● **The problem**: From the first line to the last, restate the data word for word.

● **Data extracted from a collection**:
= Beginning of Section =

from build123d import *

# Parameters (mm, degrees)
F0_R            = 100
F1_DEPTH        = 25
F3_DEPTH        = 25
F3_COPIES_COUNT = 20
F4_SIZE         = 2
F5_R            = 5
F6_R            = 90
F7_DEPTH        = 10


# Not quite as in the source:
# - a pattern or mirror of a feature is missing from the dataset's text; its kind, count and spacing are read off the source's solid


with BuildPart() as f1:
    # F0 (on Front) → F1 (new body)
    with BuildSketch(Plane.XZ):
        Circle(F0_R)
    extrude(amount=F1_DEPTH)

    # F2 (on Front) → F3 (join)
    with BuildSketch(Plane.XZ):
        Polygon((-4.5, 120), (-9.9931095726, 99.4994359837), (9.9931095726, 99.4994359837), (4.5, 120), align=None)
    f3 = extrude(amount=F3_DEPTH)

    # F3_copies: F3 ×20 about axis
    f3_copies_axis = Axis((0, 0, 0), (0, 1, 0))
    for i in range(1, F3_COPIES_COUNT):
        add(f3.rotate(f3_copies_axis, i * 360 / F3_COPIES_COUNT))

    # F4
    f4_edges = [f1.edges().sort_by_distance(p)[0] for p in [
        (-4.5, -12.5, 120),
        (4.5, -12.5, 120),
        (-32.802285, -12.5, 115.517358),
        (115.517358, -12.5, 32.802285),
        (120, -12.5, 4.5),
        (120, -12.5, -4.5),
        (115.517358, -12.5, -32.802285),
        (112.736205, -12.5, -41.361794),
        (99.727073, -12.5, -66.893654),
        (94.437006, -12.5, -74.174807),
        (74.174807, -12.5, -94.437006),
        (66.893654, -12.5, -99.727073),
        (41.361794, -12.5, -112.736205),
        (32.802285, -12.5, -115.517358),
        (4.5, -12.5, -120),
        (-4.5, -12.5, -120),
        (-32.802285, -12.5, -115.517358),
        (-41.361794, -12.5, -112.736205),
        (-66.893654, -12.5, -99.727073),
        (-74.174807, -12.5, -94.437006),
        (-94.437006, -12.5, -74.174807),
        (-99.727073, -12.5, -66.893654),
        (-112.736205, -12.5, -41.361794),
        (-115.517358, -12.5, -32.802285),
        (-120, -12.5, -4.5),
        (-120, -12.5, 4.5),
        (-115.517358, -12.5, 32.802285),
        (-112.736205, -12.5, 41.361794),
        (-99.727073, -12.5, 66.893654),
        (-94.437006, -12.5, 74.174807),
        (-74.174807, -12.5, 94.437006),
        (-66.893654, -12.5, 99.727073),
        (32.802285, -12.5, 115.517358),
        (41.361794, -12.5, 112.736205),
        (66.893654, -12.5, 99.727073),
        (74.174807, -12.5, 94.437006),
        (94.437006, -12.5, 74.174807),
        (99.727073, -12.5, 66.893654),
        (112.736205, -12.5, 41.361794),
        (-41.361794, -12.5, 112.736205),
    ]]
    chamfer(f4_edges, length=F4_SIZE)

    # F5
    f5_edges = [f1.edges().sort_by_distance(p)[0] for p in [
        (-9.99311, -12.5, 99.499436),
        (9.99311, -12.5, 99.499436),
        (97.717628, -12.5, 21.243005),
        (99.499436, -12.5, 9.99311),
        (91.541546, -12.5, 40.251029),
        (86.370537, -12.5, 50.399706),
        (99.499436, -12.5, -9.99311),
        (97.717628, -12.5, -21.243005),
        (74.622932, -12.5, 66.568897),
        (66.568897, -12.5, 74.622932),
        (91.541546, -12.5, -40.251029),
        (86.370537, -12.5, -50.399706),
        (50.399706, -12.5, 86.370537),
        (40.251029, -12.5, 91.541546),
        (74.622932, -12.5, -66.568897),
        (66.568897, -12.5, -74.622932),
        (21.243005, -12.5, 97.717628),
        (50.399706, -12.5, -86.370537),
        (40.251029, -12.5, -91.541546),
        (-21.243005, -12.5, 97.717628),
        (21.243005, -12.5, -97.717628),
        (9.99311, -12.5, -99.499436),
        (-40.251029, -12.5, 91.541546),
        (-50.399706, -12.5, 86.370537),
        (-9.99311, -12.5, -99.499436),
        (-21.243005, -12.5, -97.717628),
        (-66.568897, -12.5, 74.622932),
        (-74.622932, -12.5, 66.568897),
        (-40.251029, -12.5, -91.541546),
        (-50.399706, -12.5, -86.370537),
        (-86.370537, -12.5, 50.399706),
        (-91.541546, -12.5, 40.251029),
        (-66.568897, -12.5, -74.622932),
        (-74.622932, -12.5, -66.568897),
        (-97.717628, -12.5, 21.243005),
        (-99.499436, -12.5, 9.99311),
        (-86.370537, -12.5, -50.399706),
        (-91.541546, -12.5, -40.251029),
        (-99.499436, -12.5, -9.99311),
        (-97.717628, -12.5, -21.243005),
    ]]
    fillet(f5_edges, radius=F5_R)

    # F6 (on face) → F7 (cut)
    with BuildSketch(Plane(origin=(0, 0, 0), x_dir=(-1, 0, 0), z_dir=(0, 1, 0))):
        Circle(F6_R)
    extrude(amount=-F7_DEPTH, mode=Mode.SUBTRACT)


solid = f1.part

= End of Section =

● **Output of the exercise**:
from build123d import *

# Parameters (mm, degrees)
F0_R            = 100
F1_DEPTH        = 25
F3_DEPTH        = 25
F3_COPIES_COUNT = 20
F4_SIZE         = 2
F5_R            = 5
F6_R            = 90
F7_DEPTH        = 10


# Not quite as in the source:
# - a pattern or mirror of a feature is missing from the dataset's text; its kind, count and spacing are read off the source's solid


with BuildPart() as f1:
    # F0 (on Front) → F1 (new body)
    with BuildSketch(Plane.XZ):
        Circle(F0_R)
    extrude(amount=F1_DEPTH)

    # F2 (on Front) → F3 (join)
    with BuildSketch(Plane.XZ):
        Polygon((-4.5, 120), (-9.9931095726, 99.4994359837), (9.9931095726, 99.4994359837), (4.5, 120), align=None)
    f3 = extrude(amount=F3_DEPTH)

    # F3_copies: F3 ×20 about axis
    f3_copies_axis = Axis((0, 0, 0), (0, 1, 0))
    for i in range(1, F3_COPIES_COUNT):
        add(f3.rotate(f3_copies_axis, i * 360 / F3_COPIES_COUNT))

    # F4
    f4_edges = [f1.edges().sort_by_distance(p)[0] for p in [
        (-4.5, -12.5, 120),
        (4.5, -12.5, 120),
        (-32.802285, -12.5, 115.517358),
        (115.517358, -12.5, 32.802285),
        (120, -12.5, 4.5),
        (120, -12.5, -4.5),
        (115.517358, -12.5, -32.802285),
        (112.736205, -12.5, -41.361794),
        (99.727073, -12.5, -66.893654),
        (94.437006, -12.5, -74.174807),
        (74.174807, -12.5, -94.437006),
        (66.893654, -12.5, -99.727073),
        (41.361794, -12.5, -112.736205),
        (32.802285, -12.5, -115.517358),
        (4.5, -12.5, -120),
        (-4.5, -12.5, -120),
        (-32.802285, -12.5, -115.517358),
        (-41.361794, -12.5, -112.736205),
        (-66.893654, -12.5, -99.727073),
        (-74.174807, -12.5, -94.437006),
        (-94.437006, -12.5, -74.174807),
        (-99.727073, -12.5, -66.893654),
        (-112.736205, -12.5, -41.361794),
        (-115.517358, -12.5, -32.802285),
        (-120, -12.5, -4.5),
        (-120, -12.5, 4.5),
        (-115.517358, -12.5, 32.802285),
        (-112.736205, -12.5, 41.361794),
        (-99.727073, -12.5, 66.893654),
        (-94.437006, -12.5, 74.174807),
        (-74.174807, -12.5, 94.437006),
        (-66.893654, -12.5, 99.727073),
        (32.802285, -12.5, 115.517358),
        (41.361794, -12.5, 112.736205),
        (66.893654, -12.5, 99.727073),
        (74.174807, -12.5, 94.437006),
        (94.437006, -12.5, 74.174807),
        (99.727073, -12.5, 66.893654),
        (112.736205, -12.5, 41.361794),
        (-41.361794, -12.5, 112.736205),
    ]]
    chamfer(f4_edges, length=F4_SIZE)

    # F5
    f5_edges = [f1.edges().sort_by_distance(p)[0] for p in [
        (-9.99311, -12.5, 99.499436),
        (9.99311, -12.5, 99.499436),
        (97.717628, -12.5, 21.243005),
        (99.499436, -12.5, 9.99311),
        (91.541546, -12.5, 40.251029),
        (86.370537, -12.5, 50.399706),
        (99.499436, -12.5, -9.99311),
        (97.717628, -12.5, -21.243005),
        (74.622932, -12.5, 66.568897),
        (66.568897, -12.5, 74.622932),
        (91.541546, -12.5, -40.251029),
        (86.370537, -12.5, -50.399706),
        (50.399706, -12.5, 86.370537),
        (40.251029, -12.5, 91.541546),
        (74.622932, -12.5, -66.568897),
        (66.568897, -12.5, -74.622932),
        (21.243005, -12.5, 97.717628),
        (50.399706, -12.5, -86.370537),
        (40.251029, -12.5, -91.541546),
        (-21.243005, -12.5, 97.717628),
        (21.243005, -12.5, -97.717628),
        (9.99311, -12.5, -99.499436),
        (-40.251029, -12.5, 91.541546),
        (-50.399706, -12.5, 86.370537),
        (-9.99311, -12.5, -99.499436),
        (-21.243005, -12.5, -97.717628),
        (-66.568897, -12.5, 74.622932),
        (-74.622932, -12.5, 66.568897),
        (-40.251029, -12.5, -91.541546),
        (-50.399706, -12.5, -86.370537),
        (-86.370537, -12.5, 50.399706),
        (-91.541546, -12.5, 40.251029),
        (-66.568897, -12.5, -74.622932),
        (-74.622932, -12.5, -66.568897),
        (-97.717628, -12.5, 21.243005),
        (-99.499436, -12.5, 9.99311),
        (-86.370537, -12.5, -50.399706),
        (-91.541546, -12.5, -40.251029),
        (-99.499436, -12.5, -9.99311),
        (-97.717628, -12.5, -21.243005),
    ]]
    fillet(f5_edges, radius=F5_R)

    # F6 (on face) → F7 (cut)
    with BuildSketch(Plane(origin=(0, 0, 0), x_dir=(-1, 0, 0), z_dir=(0, 1, 0))):
        Circle(F6_R)
    extrude(amount=-F7_DEPTH, mode=Mode.SUBTRACT)


solid = f1.part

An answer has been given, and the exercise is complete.